I actually see the logic in the argument that a running martingale can help a horses mouth, if you have a rider with unsteady hands, it can I think act as a kind of damper, think up and down movement being levelled out a little, gives a constant angle of contact.

Of course it needs to be fitted properly, and used with the right bit, but I think they can be a very useful artificial aid in the right circumstaces


----------



## tinyliny (Oct 31, 2009)

palogal said:


> No it's a lever. A pulley trades distance for force, a lever just multiplies force like a crowbar.
> 
> So if you pull on the rope on a pulley to lift something heavy you will have to pull it farther than you want it to move but you will use les force to move a heavy object. Think weight room machines. You move your arms or legs farther distance wise than you move the weight, but you use less force than you would if you were lifting them without the pulley (free weights).
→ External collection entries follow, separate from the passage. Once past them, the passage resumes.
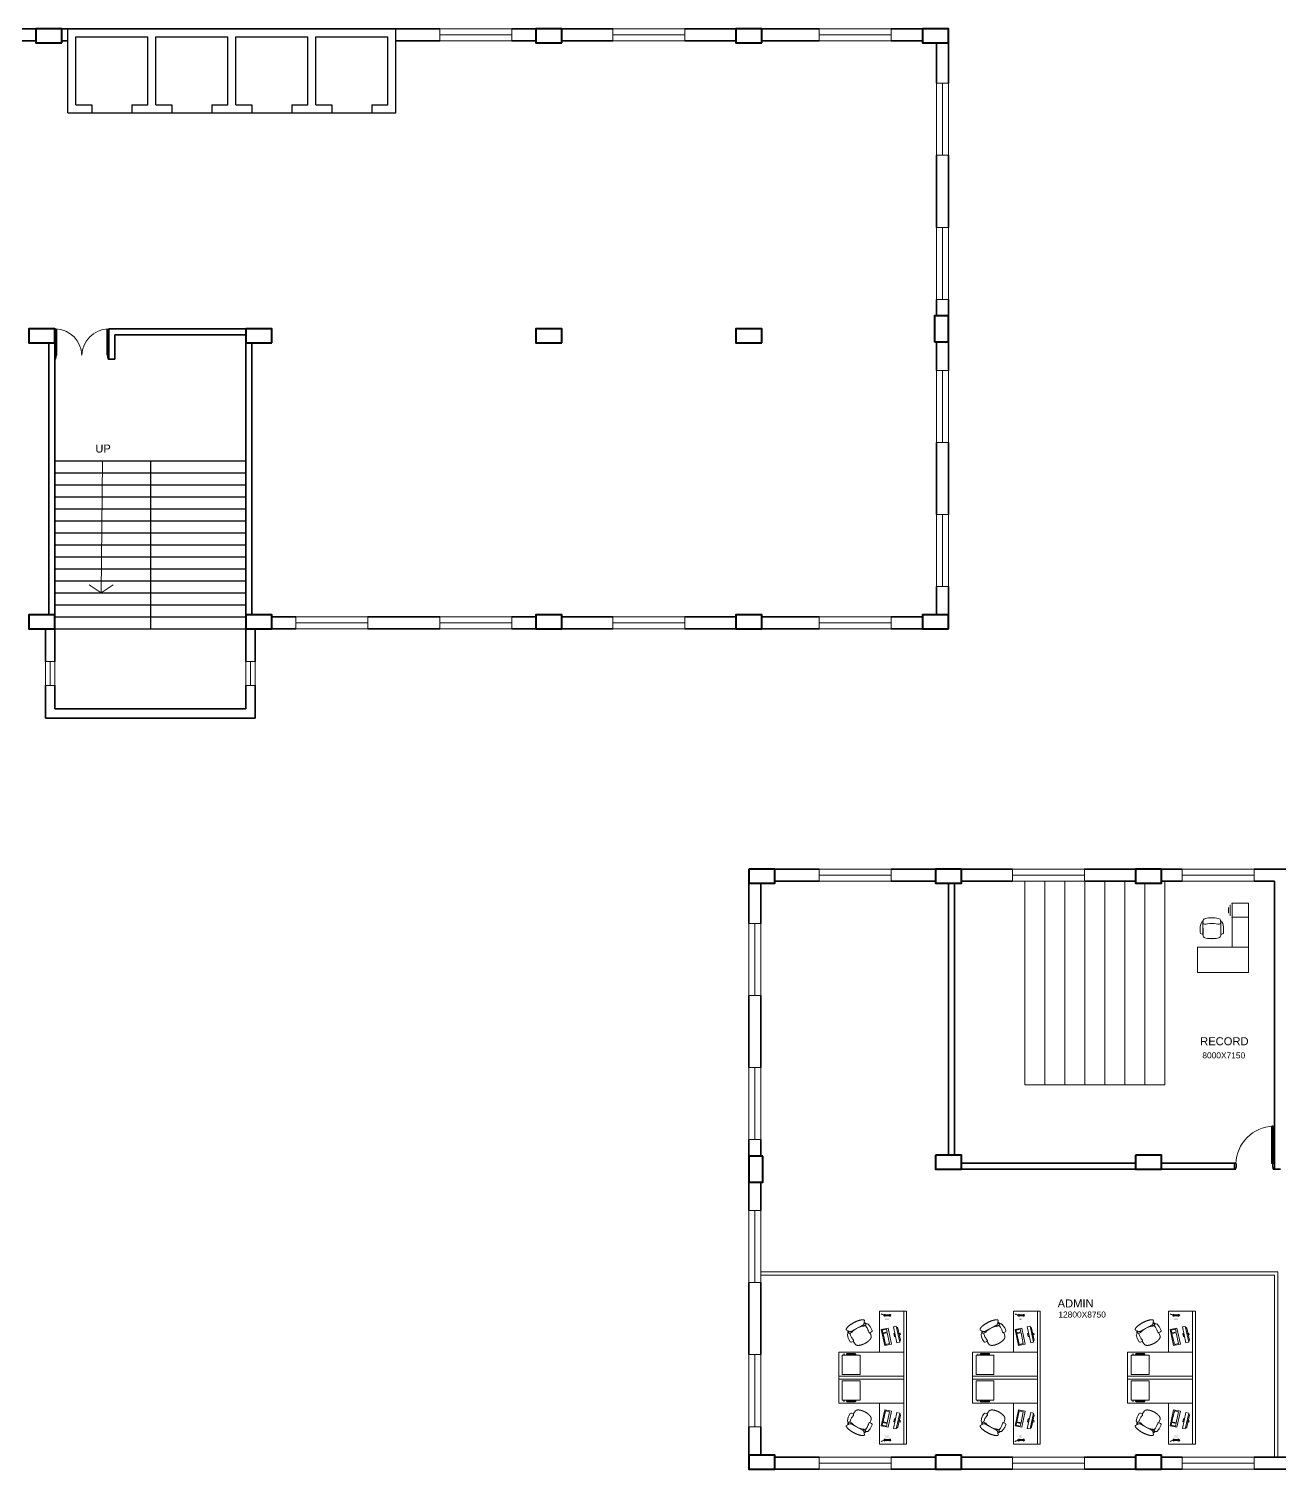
# Model space of a CAD drawing. Header units: millimetres. Extents: x 3079 to 579737, y 1565 to 1161826.
# Drawn here: x 55095 to 86360, y 14685 to 50685 of the extents above; entities that cross this region are included whole.
import ezdxf

# ---------------------------------------------------------------- set-up
doc = ezdxf.new("R2010")
doc.units = ezdxf.units.MM
for name, color, linetype, lineweight in [('1', 7, 'Continuous', 35), ('A_COL', 250, 'Continuous', 40), ('A_ELE1', 250, 'Continuous', 20), ('A_WIN-DOR', 250, 'Continuous', 30), ('IG-Area', 250, 'Continuous', 30), ('partition', 253, 'Continuous', 5), ('SILL', 251, 'Continuous', 18), ('WINDOW', 252, 'Continuous', 15)]:
    doc.layers.add(name, color=color, linetype=linetype, lineweight=lineweight)
doc.layers.add('FURNITURE', color=253, linetype='Continuous', lineweight=5, transparency=0.05)
doc.styles.get("Standard").update_dxf_attribs({"font": 'arial.ttf'})

# ---------------------------------------------------------------- blocks, each defined once
blk = doc.blocks.new('AP00XXXX$0$A$C53421247')
at = {"color": 0}
for p, q in [((7, 368), (36, 460)), ((90, 476), (63, 478)), ((73, 477), (80, 503)), ((80, 503), (99, 534)), ((82, 595), (83, 598)), ((82, 593), (82, 595)), ((140, 501), (82, 587)), ((83, 598), (85, 600)), ((85, 600), (87, 604)), ((87, 604), (90, 607)), ((90, 607), (92, 609)), ((92, 609), (95, 612)), ((95, 493), (93, 475)), ((95, 612), (99, 614)), ((113, 514), (95, 493)), ((99, 614), (103, 617)), ((99, 534), (115, 538)), ((113, 453), (100, 394)), ((103, 617), (106, 619)), ((106, 619), (111, 621)), ((111, 621), (115, 624)), ((120, 459), (111, 457)), ((127, 514), (113, 514)), ((115, 624), (120, 626)), ((120, 626), (126, 628)), ((123, 459), (120, 459)), ((145, 454), (123, 459)), ((126, 628), (132, 630)), ((134, 510), (127, 514)), ((132, 630), (137, 632)), ((137, 632), (144, 634)), ((151, 491), (140, 501)), ((144, 634), (149, 636)), ((160, 452), (145, 454)), ((149, 636), (157, 638)), ((165, 488), (151, 491)), ((157, 638), (163, 639)), ((168, 452), (160, 452)), ((163, 639), (170, 641)), ((166, 452), (165, 488)), ((550, 463), (165, 488)), ((184, 457), (168, 452)), ((170, 641), (178, 643)), ((178, 643), (186, 644)), ((255, 473), (184, 457)), ((186, 644), (194, 646)), ((195, 486), (192, 459)), ((194, 646), (202, 647)), ((202, 647), (210, 648)), ((210, 648), (219, 649)), ((219, 649), (227, 650)), ((227, 650), (236, 651)), ((236, 651), (245, 652)), ((245, 652), (254, 652)), ((254, 652), (263, 653)), ((264, 474), (255, 473)), ((263, 653), (273, 653)), ((327, 478), (264, 474)), ((273, 653), (282, 654)), ((282, 654), (292, 654)), ((292, 654), (302, 654)), ((302, 654), (311, 654)), ((311, 654), (321, 654)), ((321, 654), (331, 654)), ((373, 474), (327, 478)), ((331, 654), (341, 654)), ((341, 654), (351, 653)), ((351, 653), (361, 653)), ((361, 653), (371, 652)), ((371, 652), (381, 652)), ((434, 465), (373, 474)), ((381, 652), (390, 651)), ((390, 651), (401, 650)), ((401, 650), (410, 649)), ((410, 649), (420, 648)), ((420, 648), (430, 646)), ((430, 646), (439, 646)), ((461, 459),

I do not think you can have lever action on something that is not stiff, like a crowbar or board, over the fulcrum. Since the rein is not stiff, the action is not the same. That's why I likened it more to a pulley. But, I am not sure it really is either.


----------



## existentialpony (Dec 4, 2012)

This is just something I've noticed with my horse (and probably a result of his badbadbad former training before he came to me...) but just putting my reins through a running martingale without engaging it even once during a ride makes him OODLES softer in his face! He also engages his back more at the canter, oddly enough. He's a weirdo, though, so I wouldn't call him the norm.

I'm not sure how a running martingale would "save a horse's mouth" on principle, though... how odd! I don't particularly love any contraptions (outside my bit, bridle, saddle and girth!) to begin with.


----------



## SketchyHorse (May 14, 2012)

existentialpony said:


> This is just something I've noticed with my horse (and probably a result of his badbadbad former training before he came to me...) but just putting my reins through a running martingale without engaging it even once during a ride makes him OODLES softer in his face! He also engages his back more at the canter, oddly enough. He's a weirdo, though, so I wouldn't call him the norm.


You're not alone in that. My mare rides 110% better in her running martingale than without. She gives that "test" in the beginning to see if it's there then rarely engages it again. I guess in our instances I can see it saving the mouth LOL. She likes to grab the bit and pull/jerk her head, and since she's big it pulls me out of the saddle & the only way to prevent that is really hold tight (and sit deep) and let her jam her mouth against the bit :? The running martingale allows me to not get yanked out of the saddle, let her correct herself, & on we go.


----------



## Prunella1 (Jun 2, 2013)

Perhaps someone needs to get a book on basic training methods, bits, bridles, aids, etc. Should only use martingale with a snaffle bit, am I right? The martingale works two ways...one to help a rider stay out of a horses's mouth if they are learning how to ride correctly, and to help train a horse to be more sensitive to pressure on the bit without making him hard in the mouth. I have thought of using a martingale on my quarter horse since she can ignore any pressure on the bit, I am back to a snaffle bit, which she seems to enjoy. She is doing much better with ground work because I don't know what the previous people did to her when riding....so back to the basics until she relaxes and pays more attention to me than what is going on with the other horses.


----------



## Prunella1 (Jun 2, 2013)

existentialpony said:


> This is just something I've noticed with my horse (and probably a result of his badbadbad former training before he came to me...) but just putting my reins through a running martingale without engaging it even once during a ride makes him OODLES softer in his face! He also engages his back more at the canter, oddly enough. He's a weirdo, though, so I wouldn't call him the norm.
> 
> I'm not sure how a running martingale would "save a horse's mouth" on principle, though... how odd! I don't particularly love any contraptions (outside my bit, bridle, saddle and girth!) to begin with.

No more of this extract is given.